→ EXERCISE DIRECTIONS
From the first line of the data through the line containing "#1=APPLICATION_CONTEXT('core data for", return each line exactly.

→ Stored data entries
====

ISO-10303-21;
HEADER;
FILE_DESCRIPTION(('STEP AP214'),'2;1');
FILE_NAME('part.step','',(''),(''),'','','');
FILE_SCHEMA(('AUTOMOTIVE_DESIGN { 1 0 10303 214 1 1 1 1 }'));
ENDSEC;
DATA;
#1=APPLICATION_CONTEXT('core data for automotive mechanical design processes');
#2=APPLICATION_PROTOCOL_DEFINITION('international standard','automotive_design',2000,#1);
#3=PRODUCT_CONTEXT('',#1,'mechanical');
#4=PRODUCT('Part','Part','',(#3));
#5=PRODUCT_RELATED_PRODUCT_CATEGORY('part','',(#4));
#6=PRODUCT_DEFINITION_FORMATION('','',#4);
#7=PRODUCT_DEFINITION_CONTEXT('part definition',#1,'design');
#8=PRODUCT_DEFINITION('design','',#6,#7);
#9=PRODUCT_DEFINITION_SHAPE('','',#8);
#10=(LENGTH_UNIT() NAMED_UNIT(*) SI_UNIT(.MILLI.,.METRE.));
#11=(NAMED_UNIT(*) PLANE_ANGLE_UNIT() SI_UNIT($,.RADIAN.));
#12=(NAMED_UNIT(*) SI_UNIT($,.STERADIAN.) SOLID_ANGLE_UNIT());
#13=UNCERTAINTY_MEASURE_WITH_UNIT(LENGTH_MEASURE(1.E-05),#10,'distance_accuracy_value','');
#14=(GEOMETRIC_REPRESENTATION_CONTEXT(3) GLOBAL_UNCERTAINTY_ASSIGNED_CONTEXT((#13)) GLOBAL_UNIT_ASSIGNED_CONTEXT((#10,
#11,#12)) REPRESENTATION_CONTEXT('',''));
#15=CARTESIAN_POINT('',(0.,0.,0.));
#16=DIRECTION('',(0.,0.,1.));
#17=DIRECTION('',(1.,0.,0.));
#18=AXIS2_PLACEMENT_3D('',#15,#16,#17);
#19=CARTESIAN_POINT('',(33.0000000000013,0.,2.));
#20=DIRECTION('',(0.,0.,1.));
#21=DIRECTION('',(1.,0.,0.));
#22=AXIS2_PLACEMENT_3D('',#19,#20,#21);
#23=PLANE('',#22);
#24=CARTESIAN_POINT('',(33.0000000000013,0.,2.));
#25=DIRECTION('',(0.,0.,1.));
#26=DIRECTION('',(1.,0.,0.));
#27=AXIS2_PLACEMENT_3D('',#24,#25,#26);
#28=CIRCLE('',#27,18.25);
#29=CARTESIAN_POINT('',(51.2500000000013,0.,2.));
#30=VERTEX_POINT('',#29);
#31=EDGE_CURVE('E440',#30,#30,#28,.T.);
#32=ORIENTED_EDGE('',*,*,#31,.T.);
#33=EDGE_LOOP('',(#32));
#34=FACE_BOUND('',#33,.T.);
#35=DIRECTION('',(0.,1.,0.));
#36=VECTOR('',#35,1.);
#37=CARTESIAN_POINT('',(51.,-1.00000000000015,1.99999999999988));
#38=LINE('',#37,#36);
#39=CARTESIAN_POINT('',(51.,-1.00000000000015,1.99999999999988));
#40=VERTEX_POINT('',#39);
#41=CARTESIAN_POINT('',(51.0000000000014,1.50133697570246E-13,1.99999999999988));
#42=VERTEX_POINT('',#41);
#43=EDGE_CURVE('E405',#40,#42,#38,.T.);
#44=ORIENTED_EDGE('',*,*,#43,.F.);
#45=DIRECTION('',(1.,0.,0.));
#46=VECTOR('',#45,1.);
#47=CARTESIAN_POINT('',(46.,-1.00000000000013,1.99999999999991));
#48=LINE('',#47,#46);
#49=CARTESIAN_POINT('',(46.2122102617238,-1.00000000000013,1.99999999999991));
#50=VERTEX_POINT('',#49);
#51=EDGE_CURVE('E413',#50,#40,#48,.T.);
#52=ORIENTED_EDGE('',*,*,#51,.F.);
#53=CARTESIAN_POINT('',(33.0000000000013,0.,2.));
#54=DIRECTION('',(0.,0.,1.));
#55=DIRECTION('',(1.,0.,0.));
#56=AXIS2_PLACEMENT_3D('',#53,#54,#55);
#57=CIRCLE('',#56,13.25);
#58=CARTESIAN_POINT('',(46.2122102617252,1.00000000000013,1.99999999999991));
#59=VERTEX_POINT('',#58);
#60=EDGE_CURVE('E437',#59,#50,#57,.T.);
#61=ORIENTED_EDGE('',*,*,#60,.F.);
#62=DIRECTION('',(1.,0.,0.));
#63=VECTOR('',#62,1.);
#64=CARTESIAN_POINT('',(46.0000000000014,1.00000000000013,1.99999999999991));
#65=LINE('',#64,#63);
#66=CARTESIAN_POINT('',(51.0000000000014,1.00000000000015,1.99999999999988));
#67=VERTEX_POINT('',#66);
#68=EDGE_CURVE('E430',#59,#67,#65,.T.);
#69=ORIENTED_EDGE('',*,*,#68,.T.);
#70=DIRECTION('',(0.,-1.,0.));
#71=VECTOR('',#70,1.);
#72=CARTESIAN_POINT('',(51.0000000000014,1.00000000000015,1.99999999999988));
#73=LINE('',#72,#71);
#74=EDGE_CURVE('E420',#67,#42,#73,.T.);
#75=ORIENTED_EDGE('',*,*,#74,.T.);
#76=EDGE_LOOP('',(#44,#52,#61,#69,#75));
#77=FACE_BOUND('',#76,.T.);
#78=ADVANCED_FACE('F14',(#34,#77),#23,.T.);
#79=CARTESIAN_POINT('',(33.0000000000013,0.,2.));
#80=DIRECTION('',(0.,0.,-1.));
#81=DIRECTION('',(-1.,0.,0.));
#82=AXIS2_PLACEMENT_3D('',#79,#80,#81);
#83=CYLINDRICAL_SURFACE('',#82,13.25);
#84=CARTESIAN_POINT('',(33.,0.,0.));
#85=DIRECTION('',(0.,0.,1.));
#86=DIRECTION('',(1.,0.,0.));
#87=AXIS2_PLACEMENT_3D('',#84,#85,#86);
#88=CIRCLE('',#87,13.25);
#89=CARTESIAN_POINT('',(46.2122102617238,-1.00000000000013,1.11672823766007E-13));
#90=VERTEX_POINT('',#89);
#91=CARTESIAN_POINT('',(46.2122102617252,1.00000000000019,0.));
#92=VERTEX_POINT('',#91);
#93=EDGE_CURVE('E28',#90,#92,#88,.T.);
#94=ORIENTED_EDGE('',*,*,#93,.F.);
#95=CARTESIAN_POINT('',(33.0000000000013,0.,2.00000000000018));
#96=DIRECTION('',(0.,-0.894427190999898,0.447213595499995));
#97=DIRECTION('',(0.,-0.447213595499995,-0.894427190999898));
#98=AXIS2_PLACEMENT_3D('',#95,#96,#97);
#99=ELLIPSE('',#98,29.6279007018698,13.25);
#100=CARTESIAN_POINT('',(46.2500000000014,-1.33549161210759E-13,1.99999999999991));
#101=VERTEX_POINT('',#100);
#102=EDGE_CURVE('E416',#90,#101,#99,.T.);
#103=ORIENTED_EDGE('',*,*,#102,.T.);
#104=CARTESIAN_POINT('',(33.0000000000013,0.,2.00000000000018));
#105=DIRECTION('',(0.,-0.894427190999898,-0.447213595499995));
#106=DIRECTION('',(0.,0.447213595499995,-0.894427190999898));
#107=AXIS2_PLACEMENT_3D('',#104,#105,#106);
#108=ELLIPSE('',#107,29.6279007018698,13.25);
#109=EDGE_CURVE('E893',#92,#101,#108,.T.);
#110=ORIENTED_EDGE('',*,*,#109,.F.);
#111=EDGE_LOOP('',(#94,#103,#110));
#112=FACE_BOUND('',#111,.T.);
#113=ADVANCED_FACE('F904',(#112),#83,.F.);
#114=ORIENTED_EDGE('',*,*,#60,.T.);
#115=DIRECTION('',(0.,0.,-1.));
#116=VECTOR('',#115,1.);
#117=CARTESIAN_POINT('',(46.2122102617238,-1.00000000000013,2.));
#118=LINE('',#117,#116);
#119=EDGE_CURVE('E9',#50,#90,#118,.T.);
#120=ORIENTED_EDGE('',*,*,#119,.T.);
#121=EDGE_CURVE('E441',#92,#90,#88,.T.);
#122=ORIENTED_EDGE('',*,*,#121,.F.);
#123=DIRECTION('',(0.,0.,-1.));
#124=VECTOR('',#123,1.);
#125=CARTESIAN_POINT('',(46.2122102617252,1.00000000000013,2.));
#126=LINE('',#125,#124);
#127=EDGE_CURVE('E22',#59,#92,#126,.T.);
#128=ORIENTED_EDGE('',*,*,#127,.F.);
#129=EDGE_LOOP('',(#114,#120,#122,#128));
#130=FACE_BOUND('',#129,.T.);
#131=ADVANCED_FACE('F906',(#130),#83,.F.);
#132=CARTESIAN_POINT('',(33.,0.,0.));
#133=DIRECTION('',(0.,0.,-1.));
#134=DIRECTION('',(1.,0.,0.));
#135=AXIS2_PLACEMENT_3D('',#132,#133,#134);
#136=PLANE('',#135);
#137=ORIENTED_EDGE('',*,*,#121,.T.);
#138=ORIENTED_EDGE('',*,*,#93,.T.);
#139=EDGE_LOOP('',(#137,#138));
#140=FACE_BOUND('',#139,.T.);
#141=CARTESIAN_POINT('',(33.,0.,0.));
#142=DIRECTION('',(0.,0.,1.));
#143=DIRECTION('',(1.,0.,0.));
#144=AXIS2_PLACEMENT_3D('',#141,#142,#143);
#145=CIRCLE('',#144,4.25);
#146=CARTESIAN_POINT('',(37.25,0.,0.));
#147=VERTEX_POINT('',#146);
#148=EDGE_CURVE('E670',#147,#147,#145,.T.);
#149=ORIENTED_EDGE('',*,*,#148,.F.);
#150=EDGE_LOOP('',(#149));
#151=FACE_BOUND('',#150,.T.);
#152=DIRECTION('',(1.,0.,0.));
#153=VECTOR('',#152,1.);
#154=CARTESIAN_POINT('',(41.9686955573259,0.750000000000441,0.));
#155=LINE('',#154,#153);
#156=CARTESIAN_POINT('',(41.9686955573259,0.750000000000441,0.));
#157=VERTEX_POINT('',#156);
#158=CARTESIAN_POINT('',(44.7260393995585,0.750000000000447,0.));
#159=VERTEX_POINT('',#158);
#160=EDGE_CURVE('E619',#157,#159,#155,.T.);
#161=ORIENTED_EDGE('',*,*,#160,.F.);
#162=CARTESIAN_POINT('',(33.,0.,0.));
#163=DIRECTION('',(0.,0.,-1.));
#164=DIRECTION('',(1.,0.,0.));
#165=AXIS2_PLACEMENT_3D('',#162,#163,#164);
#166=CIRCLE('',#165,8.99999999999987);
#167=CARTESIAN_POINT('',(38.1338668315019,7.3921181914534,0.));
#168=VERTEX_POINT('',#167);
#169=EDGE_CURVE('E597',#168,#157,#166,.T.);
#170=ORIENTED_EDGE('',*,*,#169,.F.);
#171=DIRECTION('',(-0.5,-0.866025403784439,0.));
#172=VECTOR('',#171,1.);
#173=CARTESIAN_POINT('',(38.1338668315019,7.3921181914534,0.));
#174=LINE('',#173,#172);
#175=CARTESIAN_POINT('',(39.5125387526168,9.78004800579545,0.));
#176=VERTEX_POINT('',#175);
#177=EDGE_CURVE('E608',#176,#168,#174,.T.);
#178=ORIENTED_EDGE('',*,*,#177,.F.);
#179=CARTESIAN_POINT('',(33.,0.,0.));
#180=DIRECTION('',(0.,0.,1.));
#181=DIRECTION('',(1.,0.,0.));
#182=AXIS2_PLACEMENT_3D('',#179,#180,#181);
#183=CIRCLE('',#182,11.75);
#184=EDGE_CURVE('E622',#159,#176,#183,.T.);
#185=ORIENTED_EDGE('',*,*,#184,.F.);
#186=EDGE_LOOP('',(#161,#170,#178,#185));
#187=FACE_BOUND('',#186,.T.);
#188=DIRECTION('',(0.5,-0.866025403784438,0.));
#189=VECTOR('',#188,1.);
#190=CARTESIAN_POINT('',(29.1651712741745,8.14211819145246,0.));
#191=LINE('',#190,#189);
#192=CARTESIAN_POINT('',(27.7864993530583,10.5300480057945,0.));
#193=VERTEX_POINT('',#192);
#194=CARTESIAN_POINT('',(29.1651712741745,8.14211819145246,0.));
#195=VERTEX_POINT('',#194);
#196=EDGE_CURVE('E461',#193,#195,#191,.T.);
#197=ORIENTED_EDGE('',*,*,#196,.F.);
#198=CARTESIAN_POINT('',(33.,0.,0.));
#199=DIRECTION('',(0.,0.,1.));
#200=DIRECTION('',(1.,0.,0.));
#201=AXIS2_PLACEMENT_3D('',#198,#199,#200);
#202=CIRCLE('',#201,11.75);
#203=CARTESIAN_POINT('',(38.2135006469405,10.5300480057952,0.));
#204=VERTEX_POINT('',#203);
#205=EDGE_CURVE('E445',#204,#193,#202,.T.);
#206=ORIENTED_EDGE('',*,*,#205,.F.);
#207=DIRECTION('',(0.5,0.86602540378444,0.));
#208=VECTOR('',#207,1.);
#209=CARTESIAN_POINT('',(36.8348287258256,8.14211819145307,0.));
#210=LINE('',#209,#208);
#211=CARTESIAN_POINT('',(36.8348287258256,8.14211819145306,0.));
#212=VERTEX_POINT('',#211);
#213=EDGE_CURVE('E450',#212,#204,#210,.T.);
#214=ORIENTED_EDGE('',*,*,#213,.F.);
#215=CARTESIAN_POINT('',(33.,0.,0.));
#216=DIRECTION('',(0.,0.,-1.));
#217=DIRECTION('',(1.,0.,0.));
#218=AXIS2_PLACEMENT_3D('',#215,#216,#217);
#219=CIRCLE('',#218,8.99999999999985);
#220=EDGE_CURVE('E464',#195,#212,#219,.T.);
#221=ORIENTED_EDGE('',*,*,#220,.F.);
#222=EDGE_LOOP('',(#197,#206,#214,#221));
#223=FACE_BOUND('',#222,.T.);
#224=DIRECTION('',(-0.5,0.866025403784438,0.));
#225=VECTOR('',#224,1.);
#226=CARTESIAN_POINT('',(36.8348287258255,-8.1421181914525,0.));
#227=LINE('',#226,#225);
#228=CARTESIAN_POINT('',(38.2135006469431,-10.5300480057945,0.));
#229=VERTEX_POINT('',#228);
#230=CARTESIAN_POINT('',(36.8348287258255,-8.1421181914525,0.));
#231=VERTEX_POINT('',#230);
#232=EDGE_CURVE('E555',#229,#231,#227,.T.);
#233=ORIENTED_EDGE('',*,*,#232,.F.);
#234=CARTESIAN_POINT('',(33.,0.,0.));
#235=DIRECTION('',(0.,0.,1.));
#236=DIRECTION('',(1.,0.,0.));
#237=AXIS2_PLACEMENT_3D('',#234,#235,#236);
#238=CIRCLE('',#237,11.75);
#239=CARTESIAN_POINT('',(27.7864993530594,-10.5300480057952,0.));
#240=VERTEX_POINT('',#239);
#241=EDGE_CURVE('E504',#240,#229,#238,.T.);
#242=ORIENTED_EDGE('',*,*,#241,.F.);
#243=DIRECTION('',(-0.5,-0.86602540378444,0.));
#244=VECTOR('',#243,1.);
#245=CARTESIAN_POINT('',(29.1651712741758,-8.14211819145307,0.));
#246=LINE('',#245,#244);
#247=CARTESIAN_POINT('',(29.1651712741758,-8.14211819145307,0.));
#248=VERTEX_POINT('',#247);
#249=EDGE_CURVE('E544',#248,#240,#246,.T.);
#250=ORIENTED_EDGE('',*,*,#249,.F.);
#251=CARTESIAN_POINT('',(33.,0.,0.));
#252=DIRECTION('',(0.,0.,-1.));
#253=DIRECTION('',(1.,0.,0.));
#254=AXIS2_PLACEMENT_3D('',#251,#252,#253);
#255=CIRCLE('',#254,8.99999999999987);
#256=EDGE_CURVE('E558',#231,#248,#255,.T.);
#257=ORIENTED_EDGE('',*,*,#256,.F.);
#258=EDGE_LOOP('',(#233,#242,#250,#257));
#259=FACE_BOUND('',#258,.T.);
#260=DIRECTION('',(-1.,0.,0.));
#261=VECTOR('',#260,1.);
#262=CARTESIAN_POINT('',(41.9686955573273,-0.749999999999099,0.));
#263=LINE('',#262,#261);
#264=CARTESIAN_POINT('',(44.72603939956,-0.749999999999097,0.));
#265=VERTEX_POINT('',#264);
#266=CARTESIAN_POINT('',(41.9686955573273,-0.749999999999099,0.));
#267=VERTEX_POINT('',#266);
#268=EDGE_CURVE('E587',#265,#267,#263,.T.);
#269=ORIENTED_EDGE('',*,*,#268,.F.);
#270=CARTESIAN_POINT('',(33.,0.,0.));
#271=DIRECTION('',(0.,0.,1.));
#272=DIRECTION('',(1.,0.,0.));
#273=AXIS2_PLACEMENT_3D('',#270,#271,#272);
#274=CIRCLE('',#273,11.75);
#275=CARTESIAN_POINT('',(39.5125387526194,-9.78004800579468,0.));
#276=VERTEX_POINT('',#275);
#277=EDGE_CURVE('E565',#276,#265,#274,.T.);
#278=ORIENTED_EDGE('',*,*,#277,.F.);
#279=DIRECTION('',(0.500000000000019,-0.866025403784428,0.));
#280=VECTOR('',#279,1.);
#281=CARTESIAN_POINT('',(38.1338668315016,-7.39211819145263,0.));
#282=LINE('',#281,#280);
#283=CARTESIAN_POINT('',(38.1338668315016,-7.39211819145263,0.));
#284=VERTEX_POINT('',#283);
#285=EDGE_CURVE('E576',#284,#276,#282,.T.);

====

→ ANSWER TO THIS TASK
ISO-10303-21;
HEADER;
FILE_DESCRIPTION(('STEP AP214'),'2;1');
FILE_NAME('part.step','',(''),(''),'','','');
FILE_SCHEMA(('AUTOMOTIVE_DESIGN { 1 0 10303 214 1 1 1 1 }'));
ENDSEC;
DATA;
#1=APPLICATION_CONTEXT('core data for automotive mechanical design processes');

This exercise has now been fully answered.